WORK REQUIRED: Every line of the records that contains the string "PSnsrP" counts once; give the total and nothing else.

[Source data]

#####

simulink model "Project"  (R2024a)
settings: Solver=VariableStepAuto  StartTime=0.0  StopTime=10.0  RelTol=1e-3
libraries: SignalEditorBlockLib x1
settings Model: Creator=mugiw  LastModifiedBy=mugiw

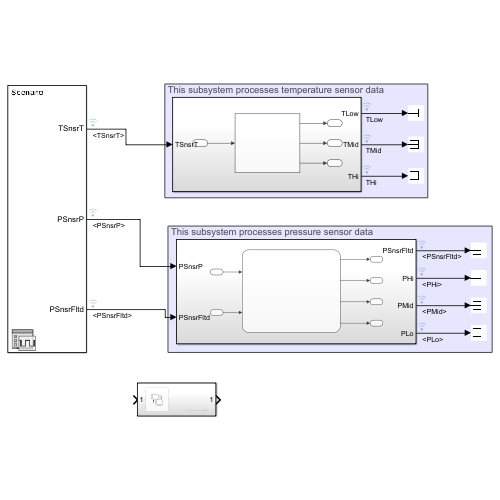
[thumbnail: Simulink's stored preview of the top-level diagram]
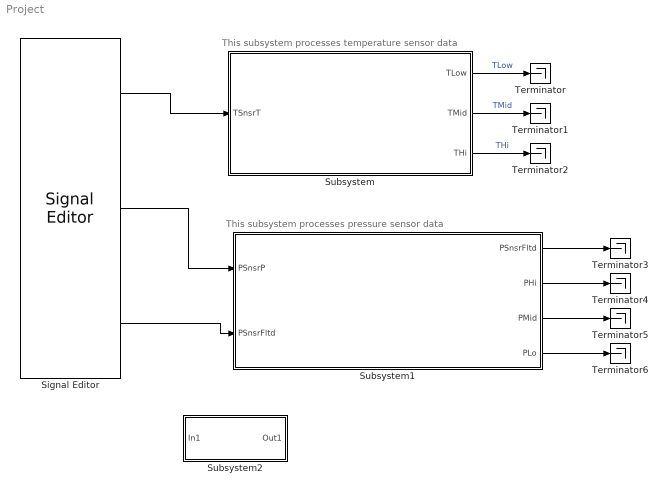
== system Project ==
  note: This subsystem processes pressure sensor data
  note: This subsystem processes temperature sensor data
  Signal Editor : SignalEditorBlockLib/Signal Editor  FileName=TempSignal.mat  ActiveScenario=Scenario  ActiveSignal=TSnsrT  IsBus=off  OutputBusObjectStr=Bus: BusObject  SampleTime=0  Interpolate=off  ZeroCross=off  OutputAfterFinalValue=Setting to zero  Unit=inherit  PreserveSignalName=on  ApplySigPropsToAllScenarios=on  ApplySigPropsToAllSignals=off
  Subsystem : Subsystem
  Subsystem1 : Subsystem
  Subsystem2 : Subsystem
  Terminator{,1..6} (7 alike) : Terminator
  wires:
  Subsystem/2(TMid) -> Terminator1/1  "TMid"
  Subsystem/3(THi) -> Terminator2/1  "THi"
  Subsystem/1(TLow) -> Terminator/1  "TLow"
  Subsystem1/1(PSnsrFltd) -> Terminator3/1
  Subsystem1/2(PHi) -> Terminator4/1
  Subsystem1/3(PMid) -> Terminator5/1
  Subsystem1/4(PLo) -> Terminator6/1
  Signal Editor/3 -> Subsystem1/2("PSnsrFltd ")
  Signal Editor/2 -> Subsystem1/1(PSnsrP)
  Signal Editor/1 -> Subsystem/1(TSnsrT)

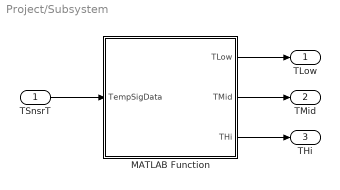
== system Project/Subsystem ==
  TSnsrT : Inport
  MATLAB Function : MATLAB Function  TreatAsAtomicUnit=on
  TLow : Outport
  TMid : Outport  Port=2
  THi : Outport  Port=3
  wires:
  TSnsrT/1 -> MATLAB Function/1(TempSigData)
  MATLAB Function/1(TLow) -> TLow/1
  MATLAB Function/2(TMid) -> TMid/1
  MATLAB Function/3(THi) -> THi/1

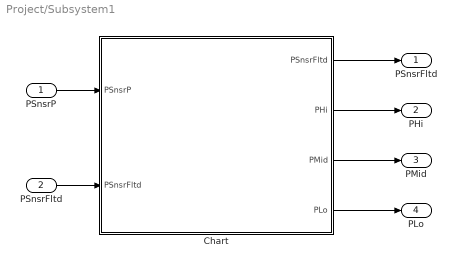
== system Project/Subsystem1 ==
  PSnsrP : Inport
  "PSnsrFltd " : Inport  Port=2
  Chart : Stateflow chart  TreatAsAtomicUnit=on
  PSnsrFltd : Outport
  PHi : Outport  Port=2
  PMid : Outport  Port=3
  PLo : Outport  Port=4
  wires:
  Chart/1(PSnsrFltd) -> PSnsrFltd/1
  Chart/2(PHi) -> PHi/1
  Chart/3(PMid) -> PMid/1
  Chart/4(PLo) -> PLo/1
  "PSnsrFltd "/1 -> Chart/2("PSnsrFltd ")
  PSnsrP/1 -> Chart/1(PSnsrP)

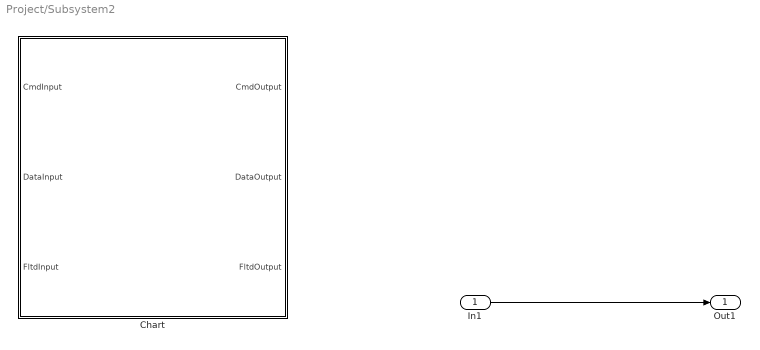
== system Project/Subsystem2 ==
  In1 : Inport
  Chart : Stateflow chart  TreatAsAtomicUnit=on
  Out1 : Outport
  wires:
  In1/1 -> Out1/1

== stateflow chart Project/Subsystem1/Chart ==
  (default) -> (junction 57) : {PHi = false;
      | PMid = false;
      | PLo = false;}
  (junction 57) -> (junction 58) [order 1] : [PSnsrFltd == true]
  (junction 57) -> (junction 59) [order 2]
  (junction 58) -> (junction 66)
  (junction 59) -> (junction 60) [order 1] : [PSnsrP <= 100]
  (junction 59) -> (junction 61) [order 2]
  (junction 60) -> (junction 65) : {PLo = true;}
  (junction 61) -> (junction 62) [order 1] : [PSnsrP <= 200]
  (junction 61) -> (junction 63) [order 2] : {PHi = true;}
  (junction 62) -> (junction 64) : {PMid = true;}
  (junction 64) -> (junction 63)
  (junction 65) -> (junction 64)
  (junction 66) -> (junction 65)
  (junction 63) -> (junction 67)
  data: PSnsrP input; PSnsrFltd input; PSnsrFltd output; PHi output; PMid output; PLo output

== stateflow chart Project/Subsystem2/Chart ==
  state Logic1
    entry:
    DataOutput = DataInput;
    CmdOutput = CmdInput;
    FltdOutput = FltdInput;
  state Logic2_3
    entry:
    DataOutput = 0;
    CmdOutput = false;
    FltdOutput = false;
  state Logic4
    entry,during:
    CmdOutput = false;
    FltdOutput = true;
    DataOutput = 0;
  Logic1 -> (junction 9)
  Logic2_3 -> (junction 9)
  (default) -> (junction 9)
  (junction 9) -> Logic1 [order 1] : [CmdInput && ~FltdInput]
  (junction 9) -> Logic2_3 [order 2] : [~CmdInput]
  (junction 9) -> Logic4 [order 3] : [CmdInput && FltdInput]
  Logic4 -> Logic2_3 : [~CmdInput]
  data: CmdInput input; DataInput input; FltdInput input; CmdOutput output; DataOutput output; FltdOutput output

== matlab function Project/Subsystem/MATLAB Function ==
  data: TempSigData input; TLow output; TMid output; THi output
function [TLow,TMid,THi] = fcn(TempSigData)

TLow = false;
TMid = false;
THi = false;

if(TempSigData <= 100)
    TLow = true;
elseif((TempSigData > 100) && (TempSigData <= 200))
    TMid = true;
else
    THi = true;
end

#####

TASK RESULT: 6